Introduction:Marathons pose many challenges to event planners. The medical services needed at such events have not received extensive coverage in the literature.Objective:The objective of this study was to document injury patterns and medical usage at a category III mass gathering (a marathon), with the goal of helping event planners organize medical resources for large public gatherings.Methods:Prospectively obtained medical care reports from the five first-aid stations set up along the marathon route were reviewed. Primary and secondary reasons for seeking medical care were categorized. Weather data were obtained, and ambient temperature was recorded.Results:The numbers of finishers were as follows: 4,837 in the marathon (3,099 males, 1,738 females), 814 in the 5K race (362 males, 452 females), and 393 teams in the four-person relay (1,572). Two hundred fifty-one runners sought medical care. The day's temperatures ranged from 39 to 73°F (mean, 56°F).
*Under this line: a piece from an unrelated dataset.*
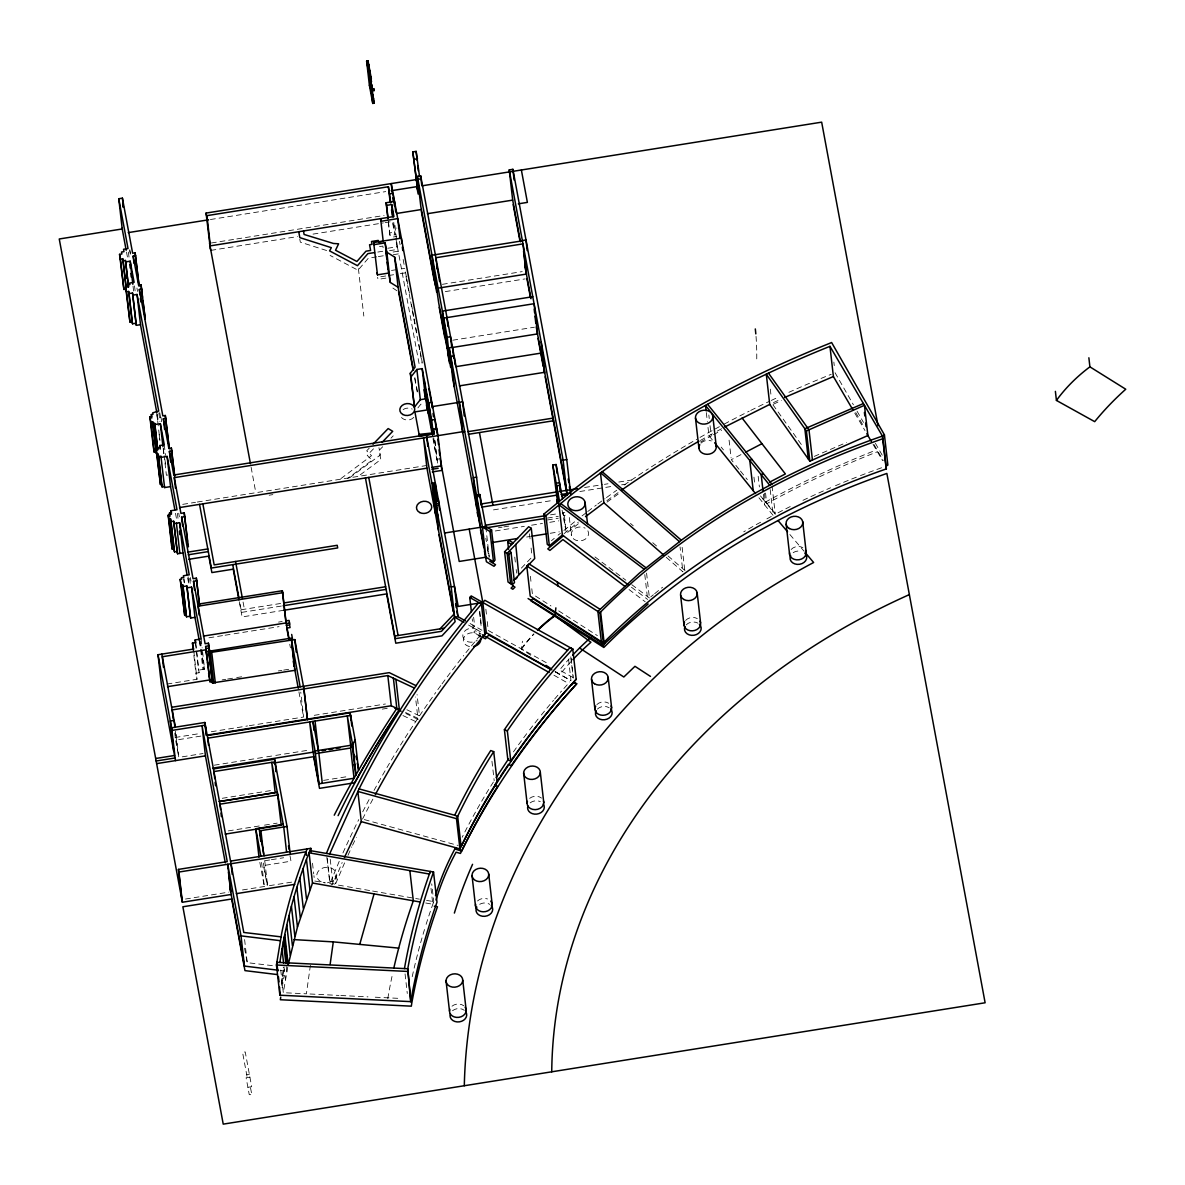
<?xml version="1.0" encoding="UTF-8"?>
<svg xmlns="http://www.w3.org/2000/svg" width="1185" height="1185" viewBox="0 0 1185 1185"><rect width="100%" height="100%" fill="white"/><g stroke="black" fill="none" stroke-linecap="round" stroke-linejoin="round"><path stroke-width="0.75" stroke-dasharray="5 3.75" d="M530.732 655.216L521.548 649.113L522.392 641.203M310.396 965.286L306.397 993.815L285.081 992.778M281.393 985.298L283.319 967.345M287.762 967.108L283.319 992.689L280.475 967.804M281.615 983.017L284.459 967.064M282.134 987.549L284.193 975.418L280.623 974.988M387.791 998.57L389.287 990.127A865.006 689.003 -6.5 0 1 392.679 973.285M425.726 903L432.821 904.244L433.754 901.637L431.725 883.877M339.221 861.347L330.022 883.299L326.779 854.859M331.741 884.928L335.622 875.7L336.17 876.5A9.776 7.791 -6.5 0 1 334.555 884.262M326.867 856.992L329.904 883.654L333.059 884.203L342.169 862.502M335.74 883.58L344.953 862.013M347.99 855.303L351.782 846.919M352.537 845.246L356.404 837.306M493.375 782.026L490.116 787.166A837.469 667.066 -6.5 0 0 462.18 837.247M417.89 407.907L420.823 404.218L424.363 403.655M465.957 652.639L481.925 633.101M563.882 688.5L569.807 681.938M521.37 568.119L532.109 556.935M369.216 448.197L366.683 450.818L371.542 455.692L339.962 479.303M373.512 448.804L367.202 455.336L372.06 460.224L347.649 478.473M382.696 446.745L379.126 450.448L380.815 459.528L357.485 476.874M390.976 438.183L393.227 435.843M551.455 540.745L554.254 538.346M650.728 596.899L653.365 594.751M654.683 593.685L662.563 587.242M558.076 535.176L560.49 533.22M563.912 530.45L577.806 519.208M564.075 533.65L578.354 522.096M578.324 523.74L566.4 533.383L562.09 510.157M668.059 555.958L684.767 570.415L685.715 569.704M349.679 477.762L380.311 454.996L378.948 447.723M606.883 500.662L618.763 492.175M700.379 440.435L715.651 431.992M717.192 431.147L724.835 426.926M760.607 522.244L755.911 524.777A689.877 549.514 -6.5 0 0 743.75 531.784M766.888 518.852L771.583 516.319M740.981 454.625L731.293 459.676L734.744 463.942M773.494 402.604L781.404 398.901M814.273 456.388L846.49 442.509M327.445 882.81L332.185 881.196A9.776 7.791 -6.5 0 0 335.651 871.967L334.466 870.22A9.776 7.791 -6.5 0 0 319.002 870.427A9.776 7.791 -6.5 0 0 322.468 882.351L324.912 882.84M210.397 219.521L385.732 191.6M211.345 242.984L234.985 239.222M236.807 238.94L384.088 215.477M210.886 250.376L297.45 236.6M313.018 234.112L383.348 222.913M385.155 222.632L392.368 221.477L393.687 228.572L396.99 228.053M393.731 222.336L395.153 234.763L390.028 235.578L389.539 232.956L394.664 232.141M393.435 236.956L396.812 236.407M379.496 246.613L382.814 246.08L383.185 248.05M387.747 248.257L397.375 246.732L394.546 221.847M377.822 252.049L384.458 250.998M389.539 250.672L397.864 249.354M393.079 252.02L397.893 251.25L395.983 241.014M376.682 256.849L368.387 258.167L358.003 270.224L330.097 255.427M378.341 256.582L383.318 255.782M393.376 254.686L401.685 253.353M391.509 270.447L398.16 269.395M401.478 268.862L404.796 268.328M380.77 276.772L387.11 275.764M388.695 275.512L393.672 274.713M400.323 273.661L405.314 272.861L407.329 283.719M385.91 278.119L378 279.379L377.6 277.275M442.39 284.326L522.215 271.617M445.279 291.614L525.118 278.905M452.759 340.214L534.405 327.208M167.722 475.037L166.389 475.244L164.167 455.692M440.139 458.758L436.821 459.276L434.391 437.961M182.727 504.351L195.51 502.322M197.347 502.025L427.963 465.29M269.173 495.197L272.831 494.619M584.605 487.494L602.602 484.635M604.409 484.339L608.009 483.776M618.807 482.043L631.412 480.043M579.85 491.508L612.541 486.294M621.621 484.843L625.25 484.265M493.478 509.876L553.143 500.366M550.536 514.853L557.794 513.697M564.771 512.587L562.919 512.883L565.882 528.851L564.06 512.868M547.396 518.067L558.283 516.334M565.26 515.223L563.408 515.519L562.993 511.964M498.455 527.769L502.084 527.192M503.892 526.895L511.15 525.74M547.426 519.963L558.313 518.23M495.315 530.969L524.333 526.347M531.591 525.192L542.478 523.459M549.736 522.304L558.802 520.867M526.644 537.027L530.273 536.45M550.225 533.28L559.29 531.828M241.103 609.771L280.623 603.476M281.334 606.068L241.592 612.393L239.429 600.736M283.659 610.305L242.11 616.926L239.266 601.669M278.564 622.095L282.163 621.518M208.93 637.797L223.328 635.515M225.12 635.219L232.319 634.079M234.112 633.782L279.082 626.628M167.011 684.041L197.006 679.272L195.895 673.258L199.11 672.739L198.621 670.117L204.575 669.169L202.354 649.617M222.217 679.879L225.831 679.301M227.638 679.02L234.882 677.864M236.689 677.583L242.11 676.709M278.282 670.947L281.897 670.369M283.719 670.088L290.947 668.933M175.113 737.5L200.443 733.456M211.3 731.723L247.502 725.961M249.309 725.679L303.597 717.029L300.768 692.158M314.262 715.325L385.406 703.994M200.872 736.092L175.602 740.121L178.802 757.378L175.972 732.508M382.266 709.119L389.569 707.949M182.268 756.83L203.065 753.527M214.307 765.184L264.936 757.126M266.743 756.83L273.987 755.689M275.794 755.393L310.159 749.927M323.594 780.382L348.583 776.412M222.276 798.29L272.609 790.276M228.349 830.892L262.67 825.427M264.477 825.145L271.706 823.99M273.513 823.708L277.127 823.131M269.602 859.984L262.996 861.036L267.617 885.965L241.118 890.172M271.365 859.703L278.386 858.592M280.149 858.31L283.659 857.747M185.482 899.045L228.868 892.127M269.41 885.669L292.68 881.966M246.702 1074.662L249.368 1074.232M249.902 1077.15L246.124 1077.743L249.25 1094.644C253.264 1095.251 248.894 1092.674 251.724 1094.259L250.361 1086.912M247.887 1087.312L251.679 1086.704L245.221 1051.939L242.555 1052.369L247.235 1077.565M310.011 993.993L338.999 995.415M340.821 995.504L367.987 996.852M375.245 997.207L398.812 998.362M244.54 948.193L247.235 962.664L273.824 965.805M280.104 970.456L283.733 970.9M319.713 881.892L314.543 880.988L313.936 875.656M323.149 882.484L325.194 882.84M338.451 885.136L345.65 886.38M347.442 886.691L370.816 890.735M372.623 891.046L419.371 899.148M426.556 900.393L433.754 901.637A865.006 689.003 -6.5 0 0 425.445 926.477M364.299 819.59L458.151 845.468M326.616 250.524L300.338 242.155L299.79 239.237M405.537 712.496L417.905 718.317L415.476 696.987M402.959 715.562L416.883 722.124M406.885 709.756L419.505 715.903L417.076 694.573M405.833 713.518L418.453 719.665M488.294 630.509L548.418 663.867M573.17 677.598L559.572 670.043A310.115 247.013 -6.5 0 1 569.23 658.83M555.306 671.925L570.666 680.442M555.01 671.584L570.992 680.62L568.356 657.512M468.564 625.058L480.917 632.035M553.928 675.213L568.311 683.345M482.725 637.293L473.733 632.212L475.17 630.657L480.977 633.96M470.089 623.532L481.91 630.242M397.049 290.858L390.754 286.637M535.487 596.055L550.966 605.95M558.698 610.897L597.373 635.619M555.247 671.48L559.838 674.532A310.115 263.425 6.1 0 1 572.029 660.549M594.974 556.935L625.873 580.22M631.768 584.664L649.424 597.966M631.457 587.227L647.617 599.447M629.028 589.538L645.203 601.758M630.464 523.414L633.249 525.829M652.742 542.7L656.92 546.315M666.266 557.306L682.901 571.837L680.057 546.952M789.891 534.524L804.126 551.306M479.984 636.463L475.052 633.042A8.769 6.977 -6.5 0 0 463.513 638.567A8.769 6.977 -6.5 0 0 471.275 646.743M721.176 447.1L723.428 449.9M735.885 465.364L739.322 469.645M740.477 471.067L747.35 479.614M712.363 439.931L708.956 435.695L707.534 423.267M758.933 497.789L773.153 515.475L769.909 487.035M772.99 404.826L803.504 447.545M854.77 413.091L864.991 430.57M873.064 444.375L882.469 460.461M835.069 372.742L853.407 404.796M857.066 411.21L863.48 422.438M875.404 443.279L882.736 456.106M855.748 412.543L863.998 426.97M874.086 444.612L883.255 460.639M485.791 538.316L486.413 541.693M487.346 546.715L489.198 556.669L485.954 528.243M487.405 548.744L489.05 557.646M403.152 259.471L404.455 266.566M405.463 271.957L406.47 277.379M406.81 279.186L408.144 286.415M408.484 288.222L409.492 293.658M411.506 304.501L412.513 309.922M412.854 311.729L413.861 317.165M414.187 318.972L415.535 326.201M415.861 328.008L416.868 333.429M418.883 344.287L419.89 349.708M420.231 351.515L421.238 356.937M421.579 358.759L422.245 362.373M399.449 241.31L400.086 244.747M407.655 285.526L410.336 299.998M410.677 301.805L422.097 363.277M393.168 224.039L395.153 234.763M395.79 238.185L419.579 366.343M432.984 438.598L437.65 463.75L434.821 438.865M414.854 377.556L416.187 384.784M416.527 386.577L417.861 393.805M414.691 378.474L417.712 394.724M298.931 691.877L303.597 717.029M289.762 644.225L290.429 647.81M251.116 467.29L255.827 492.708M243.073 602.024L244.406 609.238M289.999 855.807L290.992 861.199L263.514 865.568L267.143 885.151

The primary reasons for seeking medical were medication request (26%), musculoskeletal injuries (18%), dehydration (14%), and dermal injuries (11%). Secondary reasons were musculoskeletal injuries (34%), dizziness (19%), dermal injuries (11%), and headaches (9%). Treatment times ranged from 3 to 25.5 minutes and lengthened as the day progressed. Two-thirds of those who sought medical care did so at the end of the race. The majority of runners who sought medical attention had not run a marathon before.Conclusions:Marathon planners should allocate medical resources in favor of the halfway point and the final first-aid station. Resources and medical staff should be moved from the earlier tents to further augment the later first-aid stations before the majority of racers reach the middle- and later-distance stations.